By: Revanche

Good Thing Friday (85)

October 2, 2020

If you’d like to join me in helping Lakota families and/or rural libraries this year, please read this post. Over 6 weeks in 2019, we raised $2669.94 for the Lakota families, touching 27 lives. What can we do in 2020?

Current total: Lakota, $1,886.35; Rural libraries, $346.69.


1. I made deluxe grilled cheese sandwiches (ham, tomato and cheese) for the first time in forever. I cannot remember the last time I made a grilled cheese and it was delicious!

2. Sleep eludes me most nights now (not good) but on the weekends I’m allowing myself a midday lay down when I need it. Remembering that it’s ok to take care of myself is a big step. We all (well, not JB) took a good portion of Saturday afternoon to rest instead of forcing ourselves to run all kinds of errands.

3. In the aftermath of RBG’s death and the absolute circus of politicizing her death before we can even mourn her, and the gross absurdity of nominating a SCOTUS justice to take her seat less than two months before the election, I’ve been bogged down with despair and rage and spiritually exhausted. I’m also physically exhausted for other reasons but none of this helped that. Thanks to Katherine and Cloud for sharing their actions, and particular thanks to Cloud and Nicole and Maggie for sharing actions consistently. This stuck and when I had energy, we donated to flip the Senate.

Challenges this week: Seamus’s legs were extra wobbly this week and my poor buddy fell down a couple steps. I couldn’t catch him in time, and he had a bloody nose from it.

Birthday dinner should have been lunch but the day itself was incredibly emotionally rough, and I couldn’t shake the funk until I admitted how much I’d been replacing hurt over not being important enough to remember on the day with an emotional shield of telling myself that my birthday didn’t matter, and therefore I didn’t matter. It all bubbled up in a strong sense of worthlessness on the day of. That was no fun at all. But. Weathering it was good for me long-term.

4. We enjoyed outdoor patio, far from other people, self service burgers for my birthday dinner.

5. Therapy has been one revelation after another, in session and out. As I metaphorically open up and flush out old wounds, I start to see the ways I had devalued myself as a person as a self protective response starting way back when I was still dependent on people who didn’t care about me. I am working on being less harsh because I shouldn’t have to be a horrible drill sergeant to myself to prove I’m worthy. A) it never proved anything to the parent who didn’t love me. B) it only hurt me, not them. C) it didn’t make me more lovable if I forced myself to be the most productive person ever.

It was a warped sense of logic where I decided to make myself indispensable as an alternative to understanding and accepting that my horrible parent and sibling just didn’t love me and that it was their problem. If I blocked out the latter, I wouldn’t have to face the hurt or pain of the truth. Instead I set myself up to be used and to turn their indifference into self-loathing. Lose lose.

And it led to my telling myself this terrible message: "My mom told me directly and often that everyone I interacted with in a positive way actually hated and/or felt sorry for me but was trying to be polite and I was just too stupid to understand that, so now if I can't trust someone to be direct I have trouble trusting them at all"

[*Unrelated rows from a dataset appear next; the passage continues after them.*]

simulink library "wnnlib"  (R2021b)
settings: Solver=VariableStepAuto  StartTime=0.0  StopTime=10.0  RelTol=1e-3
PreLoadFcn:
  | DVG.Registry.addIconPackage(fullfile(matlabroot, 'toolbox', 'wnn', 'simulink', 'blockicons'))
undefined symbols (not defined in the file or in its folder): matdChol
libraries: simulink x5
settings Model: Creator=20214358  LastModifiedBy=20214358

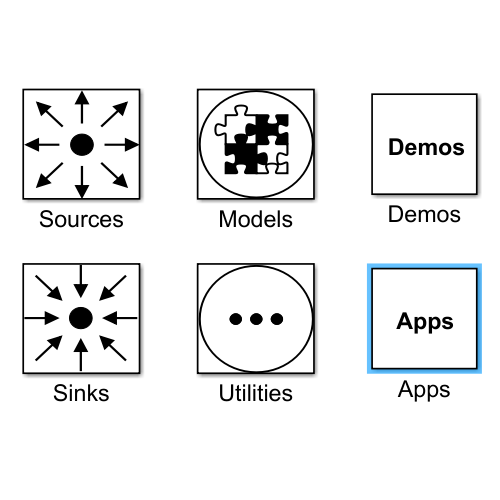
[thumbnail: Simulink's stored preview of the top-level diagram]
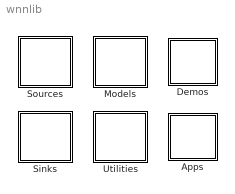
== system wnnlib ==
  Apps : Subsystem
      mask Display: disp('{\bf Apps}','interpreter','tex');
  Demos : Subsystem
      mask Display: disp('{\bf Demos}','interpreter','tex');
  Models : Subsystem
      mask Display: image('$imagefile'); % Use "Edit Image" on toolstrip to change.
  Sinks : Subsystem
      mask Display: image('$imagefile'); % Use "Edit Image" on toolstrip to change.
  Sources : Subsystem
      mask Display: image('$imagefile'); % Use "Edit Image" on toolstrip to change.
  Utilities : Subsystem
      mask Display: image('$imagefile'); % Use "Edit Image" on toolstrip to change.

== system wnnlib/Apps ==

== system wnnlib/Demos ==

== system wnnlib/Models ==
  VGRAM Array : Subsystem  mask(Virtual Generalized Random Access Memory (VGRAM)){array_id=0, min_mem_size=63, max_mem_size=64, min_dist=2, max_dist=8, pattern_length=16, output_dims=[16, 16], debug_flag=off}
      mask prompts: array_id "Array identifier"; min_mem_size "Minimum memory size"; max_mem_size "Maximum memory size"; min_dist "Minimum Hamming distance"; max_dist "Maximum Hamming distance"; pattern_length "Pattern length"; output_dims "Output dimensions"; debug_flag "Debug"
      mask init:
      | array_id=int32(array_id);
      | min_mem_size=int32(min_mem_size);
      | max_mem_size=int32(max_mem_size);
      | min_dist=int32(min_dist);
      | max_dist=int32(max_dist);
      | pattern_length=int32(pattern_length);
      | output_dims=int32(output_dims);
      | debug_flag=logical(debug_flag);
      mask Display:
      | disp('VGRAM Array')
      | port_label('input', 1, '{\bf b}','interpreter','tex')
      | port_label('input', 2, '{\bf b}^{\ast}','interpreter','tex')
      | port_label('input', 3, '\Delta{\bf h}^{\ast}','interpreter','tex')
      | port_label('input', 4, 'r/l','interpreter','tex')
      | port_label('output', 1,'{\bf h}','interpreter','tex')
      | port_label('trigger','\uparrow','interpreter','tex')

== system wnnlib/Sinks ==
  Scatter 2D : Subsystem  mask{axis_bounds=[0 1 0 1]}
      mask prompts: axis_bounds "Axis bounds"
      mask Display:
      | port_label('input', 1,'x','interpreter','tex')
      | port_label('input', 2,'y','interpreter','tex')
      | pos = get_param(gcb, 'Position');
      | width = pos(3) - pos(1);
      | height = pos(4) - pos(2);
      | x = [0.2 0.8 0.8 0.2 0.2]*width;
      | y = [0.2 0.2 0.8 0.8 0.2]*height;
      | plot(x,y)
      | x = [0 1 1 0 0]*width;
      | y = [0 0 1 1 0]*height;
      | plot(x,y)

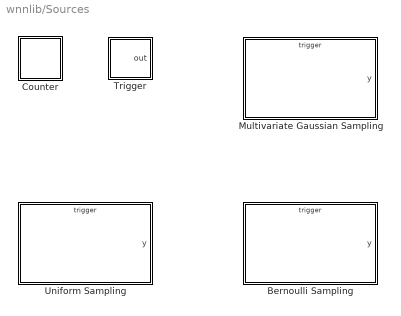
== system wnnlib/Sources ==
  Bernoulli Sampling : Subsystem  mask{nSamples=16, probability=0.5, nSeed=0}
      mask prompts: nSamples "Number of samples (n)"; probability "Probability of 1 outcome (p)"; nSeed "Seed"
      mask init:
      | nMins = zeros(1,nSamples);
      | nMaxs = ones(1,nSamples);
      | 
      | % Initialize seeds along dimensions
      | nSeeds = [1:nSamples] + nSeed;
      mask Display:
      | disp('{\bf y} \sim Be(n, p)','interpreter','tex');
      | port_label('output', 1,'{\bf y}','interpreter','tex')
      | port_label('trigger','\uparrow','interpreter','tex')
  Counter : Subsystem  mask{number_of_steps=10, sample_time=0}
      mask prompts: number_of_steps "Number of steps"; sample_time "Sample time"
      mask Display:
      | number_of_steps = get_param(gcb, 'number_of_steps');
      | patch([0 10 20 10], [10 20 10 0],[0.7294 0.8667 0.9490]);
      | disp('0{\rightarrow}'+string(number_of_steps),'interpreter','tex');
  Multivariate Gaussian Sampling : Subsystem  mask{vecdAvg=[1 1], matdCov=[2 1; 1 2], nSeed=0}
      mask prompts: vecdAvg "Average Vector"; matdCov "Covariance Matrix"; nSeed "Seed"
      mask init:
      | % Get number of dimensions
      | nDims=length(vecdAvg);
      | [nDims1, nDims2] = size(matdCov);
      | 
      | % Check number of dimensions
      | if nDims1 ~= nDims || nDims2 ~= nDims
      |     error('Covariance matrix and average vector dimensions are not compatible');
      | end
      | 
      | % Compute Cholesky decomposition of the covariance matrix
      | [matdChol,flag] = chol(matdCov);
      | 
      | % Check whether the covariance matrix is positive definite
      | if flag ~= 0
      |     error('Covariance matrix is not symmetric positive definite.');
      | end
      | 
      | % Initialize seeds along dimensions
      | nSeeds = [1:nDims] + nSeed;
      mask Display:
      | disp('{\bf y} \sim N({\bf \mu}, {\bf \Sigma})','interpreter','tex');
      | port_label('output', 1,'{\bf y}','interpreter','tex')
      | port_label('trigger','\uparrow','interpreter','tex')
  Trigger : Subsystem  mask{selected_steps=[0 0]}
      mask prompts: selected_steps "Selected steps"
      mask Display:
      | selected_steps = get_param(gcb, 'selected_steps');
      | patch([0 10 20 10], [10 20 10 0],[0.7294 0.8667 0.9490]);
      | 
      | selected_steps=strrep(selected_steps,'[','');
      | selected_steps=strrep(selected_steps,']','');
      | selected_steps=strrep(selected_steps,' ','|');
      | 
      | disp(selected_steps,'interpreter','tex');
      | port_label('output', 1,'\uparrow ','interpreter','tex');
  Uniform Sampling : Subsystem  mask{nSamples=16, min_value=0, max_value=10, nSeed=0}
      mask prompts: nSamples "Number of samples (n)"; min_value "Mininum value (a)"; max_value "Maximum value (b)"; nSeed "Seed"
      mask init:
      | % Check number of dimensions
      | if min_value >= max_value
      |     error('Invalid interval. Minimum value must be smaller than the maximum value.');
      | end
      | 
      | 
      | nMins = min_value*ones(1,nSamples);
      | nMaxs = max_value*ones(1,nSamples);
      | 
      | % Initialize seeds along dimensions
      | nSeeds = [1:nSamples] + nSeed;
      mask Display:
      | disp('{\bf y} \sim U(n, a, b)','interpreter','tex');
      | port_label('output', 1,'{\bf y}','interpreter','tex')
      | port_label('trigger','\uparrow','interpreter','tex')

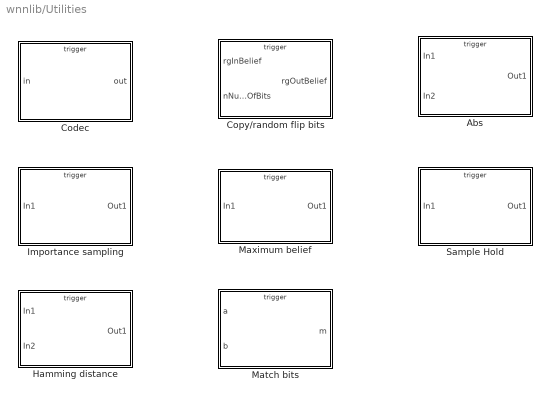
== system wnnlib/Utilities ==
  Abs : Subsystem
      mask Display:
      | disp('{\bf e} = \mid{\bf a} - {\bf b} \mid','interpreter','tex');
      | port_label('input', 1,'{\bf a}','interpreter','tex');
      | port_label('input', 2,'{\bf b}','interpreter','tex');
      | 
      | port_label('output', 1,'{\bf e}','interpreter','tex');
      | 
      | 
      | 
      | port_label('trigger','\uparrow','interpreter','tex');
  Codec : Subsystem  mask{codec_id=0, dense_vector_length=2, sparse_vector_length=2048, max_depth=16, learning_rate=0.001, min_splitting_volume=0.01, min_bounds=[0 0], max_bounds=[10 10], sparse_vectors_file=[], debug_flag=off, codec_type=Encoder, number_of_sparse_vectors=65536}
      mask prompts: codec_id "Codec id"; dense_vector_length "Dense vector length"; sparse_vector_length "Sparse vector length"; max_depth "Maximum kd-tree depth"; learning_rate "Learning rate"; min_splitting_volume "Minimum splitting volume"; min_bounds "Minimum bounds"; max_bounds "Maximum bounds"; sparse_vectors_file "Enter file name"; debug_flag "Debug"; codec_type "Codec type"; number_of_sparse_vectors "Number of sparse vectors"
      mask init:
      | codec_id=int32(codec_id);
      | dense_vector_length=int32(dense_vector_length);
      | sparse_vector_length=int32(sparse_vector_length);
      | max_depth=int32(max_depth);
      | learning_rate=double(learning_rate);
      | min_splitting_volume=double(min_splitting_volume);
      | min_bounds=double(min_bounds);
      | max_bounds=double(max_bounds);
      | sparse_vectors_file=char(sparse_vectors_file);
      | debug_flag=logical(debug_flag);
      | switch codec_type
      |     case 'Encoder'
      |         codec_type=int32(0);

As I stay committed to the journey of leaving behind all the negative self narrative about my lack of worth, the less inflammation I’m encountering when I occasionally eat carbs or sugar. In January, I’d swell up like the Michelin Man after three sneak bites of something delivery. Now, I can have meals that include the verboten gluten or carbs or sugar and only feel twinges and aches. The fibro isn’t gone but the inflammatory response to food is significantly reduced.

My totally amateur theory is that removing these own self erected obstacles is removing stressors on my body so that it’s not so “on edge” and teetering on a cliff. Therefore it’s less primed to go inflammation-mode at the first possible challenge.

6. We got our flu shots done! I was flabbergasted at our HMO’s inability to give us any appointments at all online through their flu clinic scheduler. I’m glad that I emailed our pediatrician to ask for help. They called back to set us up with a real appointment rather than a one hour drive up slot and though it was a terrible experience due to having a child who is VERY VOCAL about their fear of needles, we got it done.

:: Have you managed to get your flu shot?

6 Responses to “Good Thing Friday (85)”

  1. We are all getting flu shots tomorrow. I have a whole protocol where I line them up with a mini candy bar in each hand. Last year there was no crying! (The year before that my oldest, who was 9 at the time, pitched an enormous fit; the 3 year old was completely chill…)
    Jenny F Scientist recently posted…Mystifying ChoicesMy Profile

  2. bethh says:

    I got my flu shot last week! I had the day off and made it happen. It was actually easy – I walked into a local grocery store/pharmacy, found out I had to make an appointment, but the form was online and the next appt was in 10 minutes. In all it took about 40 minutes from parking my car to walking away with my shot completed, and would have been half that or less if I’d known about booking in advance.